Конъюнктуры Земли и времени. Геополитические и хронополитические интеллектуальные расследования (Цымбурский) - страница 223

Именно из-за стечения всех перечисленных факторов война за Пригородный район оказалась столкновением обществ с разными функциональными приоритетами, воплотивших «горный» и «равнинный» варианты суверенизации постсоветского юга. Отсюда происходят неожиданные следствия. Если общества с доминированием политической функции тяготеют к выделению все более мелких трайбов с их целезаряженными «правдами», то в Северной Осетии 1992–1994 годов номенклатура открыла перед собой перспективу, определяемую возможностью отождествить интересы титульного этноса с интересами республики как более широкой интегративной целостности. Пока российская власть в те годы маялась с постоянно пребывавшей на грани внутреннего взрыва Чечней, Северная Осетия, официально декларируя «единство и неделимость» России, начала обкатывать вариант вырастания в приграничное государство – пусть зависимое, доминионального типа, но государство, последовательно обеспечивающее себе внутреннюю лояльность граждан ради внешнего самоутверждения и возвышения в масштабах региона перед лицом центров, признанных миром, – будь то Москва, или Тбилиси, или любой иной центр.

Вот здесь-то перед такой властью и встает вопрос о престижных целях, изменяющих, хоть «чуть-чуть», миропорядок и потому столь желательных для конституирования национальной политики как самостоятельной активности государства, не сводящейся только к реагированию на раздражители извне. В 1992 году «искушение с юга» оказывается особенно сильным, открывая перед Владикавказом возможность обретения таких собственных целей, которые притянули бы внимание к этой региональной столице и на Северном Кавказе, и в Тбилиси, и в Москве, и намного шире, подспудно неся в себе промелькнувшую у Галазова уже на апрельской встрече с Кулумбековым наметку «государственности Главного Кавказского хребта». Вопрос состоял лишь в том, как сочетать подобные, по сути революционные, притязания с отстаиваемым принципом «неизменности границ», так чтобы эти притязания, работая на внешний и внутренний имидж галазовского руководства, в то же время никак не подрывали реноме оплота геополитического консерватизма.
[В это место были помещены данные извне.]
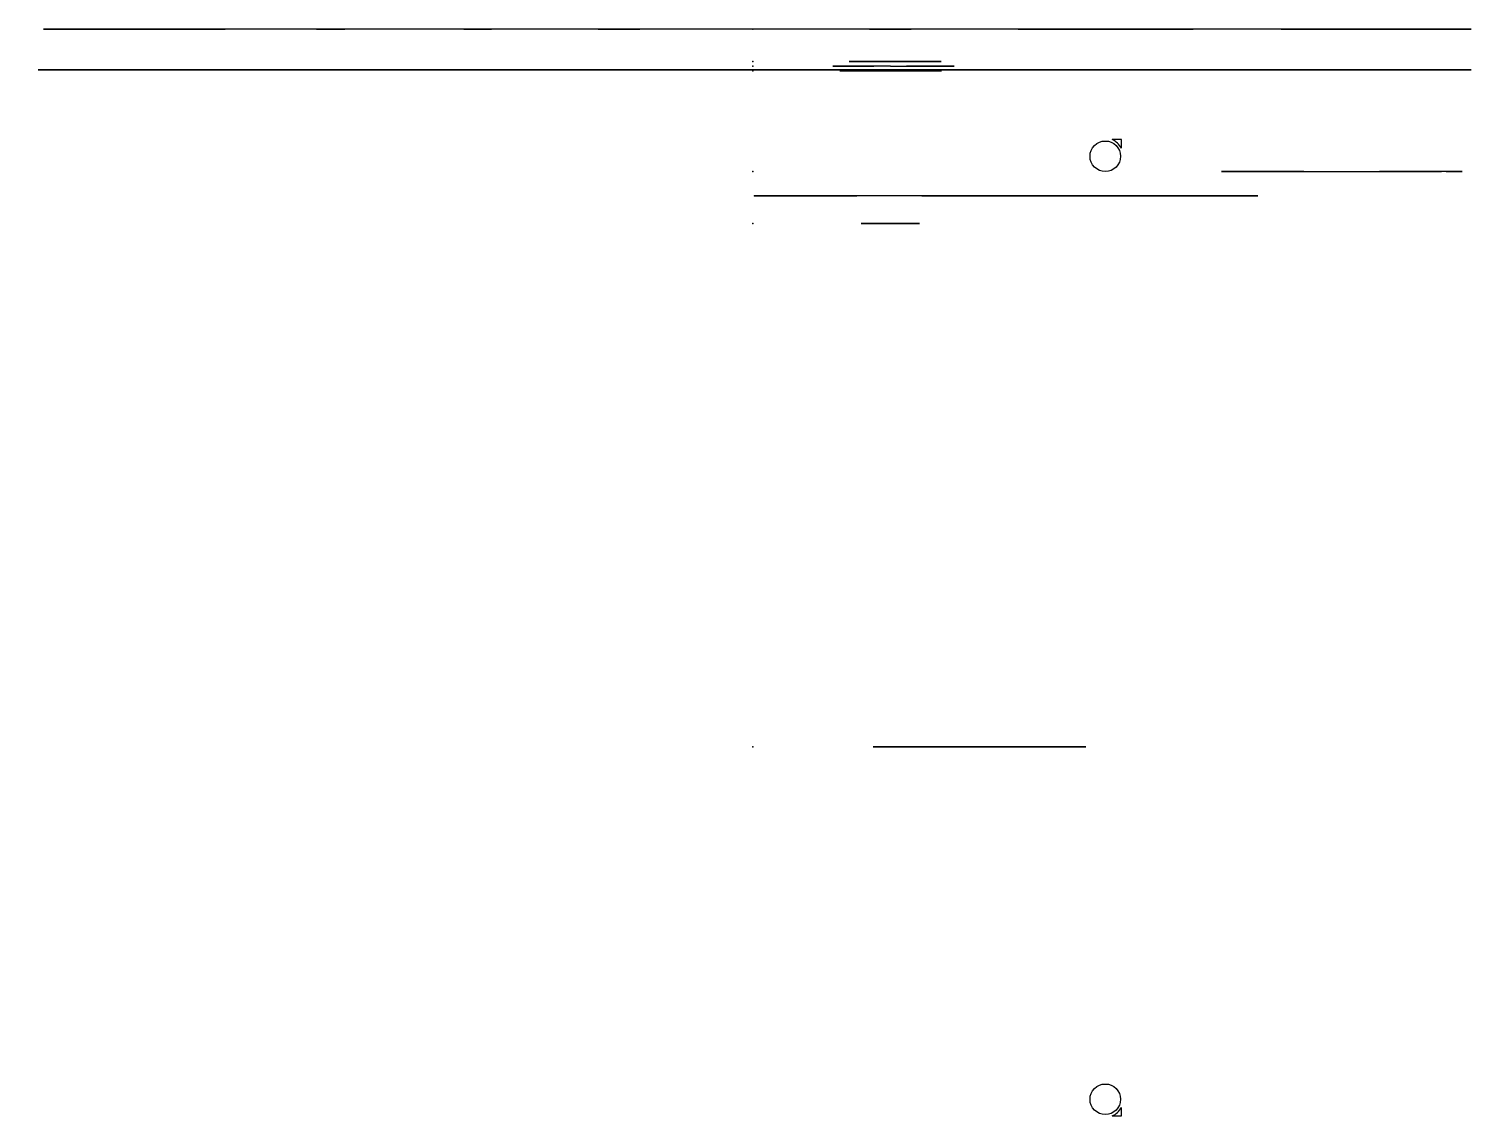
# Model space of a CAD drawing. Header units: centimetres. Extents: x -7.8 to 7.9, y -4 to 7.8.
import ezdxf

# ---------------------------------------------------------------- set-up
doc = ezdxf.new("R2010")
doc.units = ezdxf.units.CM
doc.header["$MEASUREMENT"] = 0
for name, color, linetype in [('Ultimate Filler v1_Sketch13', 7, 'Continuous'), ('Ultimate Filler v1_Sketch15', 7, 'Continuous'), ('Ultimate Filler v1_Sketch16', 7, 'Continuous'), ('Ultimate Filler v1_Sketch17', 7, 'Continuous'), ('Ultimate Filler v1_Sketch18', 7, 'Continuous'), ('Ultimate Filler v1_Sketch19', 7, 'Continuous'), ('Ultimate Filler v1_Sketch2', 7, 'Continuous'), ('Ultimate Filler v1_Sketch21', 7, 'Continuous'), ('Ultimate Filler v1_Sketch22', 7, 'Continuous'), ('Ultimate Filler v1_Sketch23', 7, 'Continuous'), ('Ultimate Filler v1_Sketch24', 7, 'Continuous'), ('Ultimate Filler v1_Sketch25', 7, 'Continuous'), ('Ultimate Filler v1_Sketch26', 7, 'Continuous'), ('Ultimate Filler v1_Sketch27', 7, 'Continuous')]:
    doc.layers.add(name, color=color, linetype=linetype)

msp = doc.modelspace()

# ---------------------------------------------------------------- linework, layer by layer
at = {"layer": 'Ultimate Filler v1_Sketch13'}
for p, q in [((0.022, 5.955, 0.042), (0.021, 5.955, 0.715)), ((3.405, 5.955, 0.042), (0.022, 5.955, 0.042)), ((3.052, 5.955, 0.232), (3.405, 5.955, 0.042)), ((4.27, 5.955, 0.646), (3.37, 5.955, 0.645)), ((4.218, 5.955, 0.042), (4.576, 5.955, 0.236)), ((5.366, 5.955, 0.042), (4.218, 5.955, 0.042)), ((5.459, 5.955, 0.33), (5.366, 5.955, 0.042))]:
    msp.add_line(p, q, dxfattribs=at)
at = {"layer": 'Ultimate Filler v1_Sketch13', "extrusion": (0, 1, 0)}
for points, knots in [([(0.021, 5.955, 0.715), (0.021, 5.955, 0.715), (0.205, 5.955, 0.715), (0.481, 5.955, 0.721), (0.849, 5.955, 0.744), (1.032, 5.955, 0.758), (1.124, 5.955, 0.765)], [1.103725, 1.103725, 1.103725, 1.103725, 1.103787, 1.655681, 1.931628, 2.207574, 2.207574, 2.207574, 2.207574]), ([(4.815, 5.955, 1.676), (4.815, 5.955, 1.659), (4.815, 5.955, 1.643), (4.815, 5.955, 1.627), (4.815, 5.955, 1.566), (4.817, 5.955, 1.445), (4.855, 5.955, 1.205), (4.953, 5.955, 0.916), (5.117, 5.955, 0.659), (5.28, 5.955, 0.478), (5.373, 5.955, 0.4), (5.42, 5.955, 0.362), (5.433, 5.955, 0.352), (5.446, 5.955, 0.341), (5.459, 5.955, 0.33)], [0, 0, 0, 0, 0.048999, 0.048999, 0.048999, 0.230821, 0.412643, 0.776288, 1.139932, 1.321755, 1.503577, 1.503577, 1.503577, 1.554049, 1.554049, 1.554049, 1.554049])]:
    msp.add_open_spline(points, degree=3, knots=knots, dxfattribs=at)
for points, degree in [([(1.828, 5.955, 0.849), (1.8, 5.955, 0.844), (1.744, 5.955, 0.835), (1.66, 5.955, 0.822), (1.547, 5.955, 0.807), (1.406, 5.955, 0.791), (1.293, 5.955, 0.779), (1.209, 5.955, 0.772), (1.152, 5.955, 0.767), (1.124, 5.955, 0.765)], 5), ([(3.37, 5.955, 0.645), (3.338, 5.955, 0.645), (3.272, 5.955, 0.647), (3.173, 5.955, 0.637), (3.078, 5.955, 0.609), (2.992, 5.955, 0.56), (2.929, 5.955, 0.479), (2.92, 5.955, 0.376), (2.968, 5.955, 0.286), (3.023, 5.955, 0.248), (3.052, 5.955, 0.232)], 3), ([(4.576, 5.955, 0.236), (4.604, 5.955, 0.252), (4.657, 5.955, 0.29), (4.703, 5.955, 0.378), (4.696, 5.955, 0.478), (4.637, 5.955, 0.557), (4.554, 5.955, 0.607), (4.462, 5.955, 0.636), (4.366, 5.955, 0.648), (4.302, 5.955, 0.646), (4.27, 5.955, 0.646)], 3)]:
    msp.add_open_spline(points, degree=degree, dxfattribs=at)
at = {"layer": 'Ultimate Filler v1_Sketch13', "extrusion": (-1.5e-15, 1, 4.4e-15)}
msp.add_open_spline([(1.828, 5.955, 0.849), (1.891, 5.955, 0.859), (2.017, 5.955, 0.876), (2.268, 5.955, 0.921), (2.581, 5.955, 0.981), (2.954, 5.955, 1.066), (3.324, 5.955, 1.163), (3.691, 5.955, 1.268), (4.054, 5.955, 1.388), (4.415, 5.955, 1.516), (4.651, 5.955, 1.61), (4.77, 5.955, 1.658), (4.785, 5.955, 1.664), (4.8, 5.955, 1.67), (4.815, 5.955, 1.676)], degree=3, knots=[0, 0, 0, 0, 0.191132, 0.382264, 0.764529, 1.146793, 1.529057, 1.911321, 2.293586, 2.67585, 3.058114, 3.058114, 3.058114, 3.106578, 3.106578, 3.106578, 3.106578], dxfattribs=at)
at = {"layer": 'Ultimate Filler v1_Sketch13'}
msp.add_point((0.02, 5.955, 1.441), dxfattribs=at)
at = {"layer": 'Ultimate Filler v1_Sketch15'}
for p, q in [((1.487, 5.657, 1.044), (1.2, 5.657, 0.878)), ((1.2, 5.657, 0.878), (1.2, 5.657, 0.546)), ((1.2, 5.657, 0.546), (1.487, 5.657, 0.38)), ((1.487, 5.657, 0.38), (1.775, 5.657, 0.546)), ((1.775, 5.657, 0.878), (1.487, 5.657, 1.044)), ((1.775, 5.657, 0.546), (1.775, 5.657, 0.878))]:
    msp.add_line(p, q, dxfattribs=at)
at = {"layer": 'Ultimate Filler v1_Sketch15', "extrusion": (0, -1, -2e-16)}
msp.add_circle((1.487, 0.712, -5.657), 0.315, dxfattribs=at)
at = {"layer": 'Ultimate Filler v1_Sketch15'}
for p in [(0, 5.657), (1.487, 5.657, 0.712)]:
    msp.add_point(p, dxfattribs=at)
at = {"layer": 'Ultimate Filler v1_Sketch16'}
for p, q in [((2.041, 7.307, 0.532), (0.94, 7.307, 0.532)), ((0.94, 7.307, 0.23), (2.041, 7.307, 0.23)), ((0.94, 7.307, 0.532), (0.94, 7.307, 0.23)), ((1.97, 7.307, 1.16), (0.998, 7.307, 1.16)), ((0.998, 7.307, 0.892), (1.97, 7.307, 0.892)), ((0.998, 7.307, 1.16), (0.998, 7.307, 0.892)), ((1.226, 7.307, 0.888), (1.743, 7.307, 0.896)), ((1.487, 7.307, 0.712), (1.487, 7.307, 0.532)), ((1.487, 7.307, 0.712), (1.487, 7.307, 0.892)), ((1.97, 7.307, 0.892), (1.97, 7.307, 1.16)), ((2.041, 7.307, 0.23), (2.041, 7.307, 0.532))]:
    msp.add_line(p, q, dxfattribs=at)
at = {"layer": 'Ultimate Filler v1_Sketch16', "extrusion": (0, -1, 0)}
msp.add_arc((1.487, 0.712, -7.307), 0.315, 35.7033, 146.0035, dxfattribs=at)
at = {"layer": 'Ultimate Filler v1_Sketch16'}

К концу 1992 года ответ на этот вопрос уже определился. Социумы Северной и Южной Осетии начинают обретать вид полюсов этакой комбинированной биполярной метасистемы. Каждый из этих полюсов, будучи взятым по отдельности, мог бы тяготеть к переразвитию одной из базисных социальных функций. Для юга это была бы функция выработки и преследования «высокоценных» целей, наркотизирующая группы интеллигентов и людей оружия; на севере – функция поддержания существующего порядка и его ритма, выполняемая североосетинскими, а в какой-то мере и связанными с ними российскими интегративными, в том числе и силовыми, структурами. Переразвитие политической функции грозит диссипацией общества – приведенное выше свидетельство Чочиева показывает, что подобная опасность то и дело вставала перед Южной Осетией. Переразвитие же интегративных механизмов, особенно в обстановке глубокого экономического спада, было бы способно обернуться стагнацией и отнятием у общества всяких перспектив – состояние, которое в конечном счете лишь усугубили бы, а не оправдали обстоятельства «осажденной крепости». Соединение же двух систем-полюсов в одну метасистему через сеть связей (делегации, инвестиции, совместные заседания руководств и общие решения по насущным вопросам, различные виды взаимопомощи, реальные или символические) создавало предпосылки для того, чтобы каждая из систем начала частично работать на другую. Благодаря югоосетинской проблеме Северная Осетия обретает с 1992 года возможность для самой активной внешней политики среди всех республик Северного Кавказа, кроме Чечни, – причем для политики, простирающейся за пределы России и выглядящей подлинно «национальной», предельно вдохновляющей, с точки зрения интересов титульной нации-этноса. Взамен юг как бы получал легитимизацию своей воли к суверенитету за счет ослабления революционности своих установок. Революционный и легитимистский полюса метасистемы начинают через Главный Кавказский хребет обмениваться избыточными порциями своих потенциалов.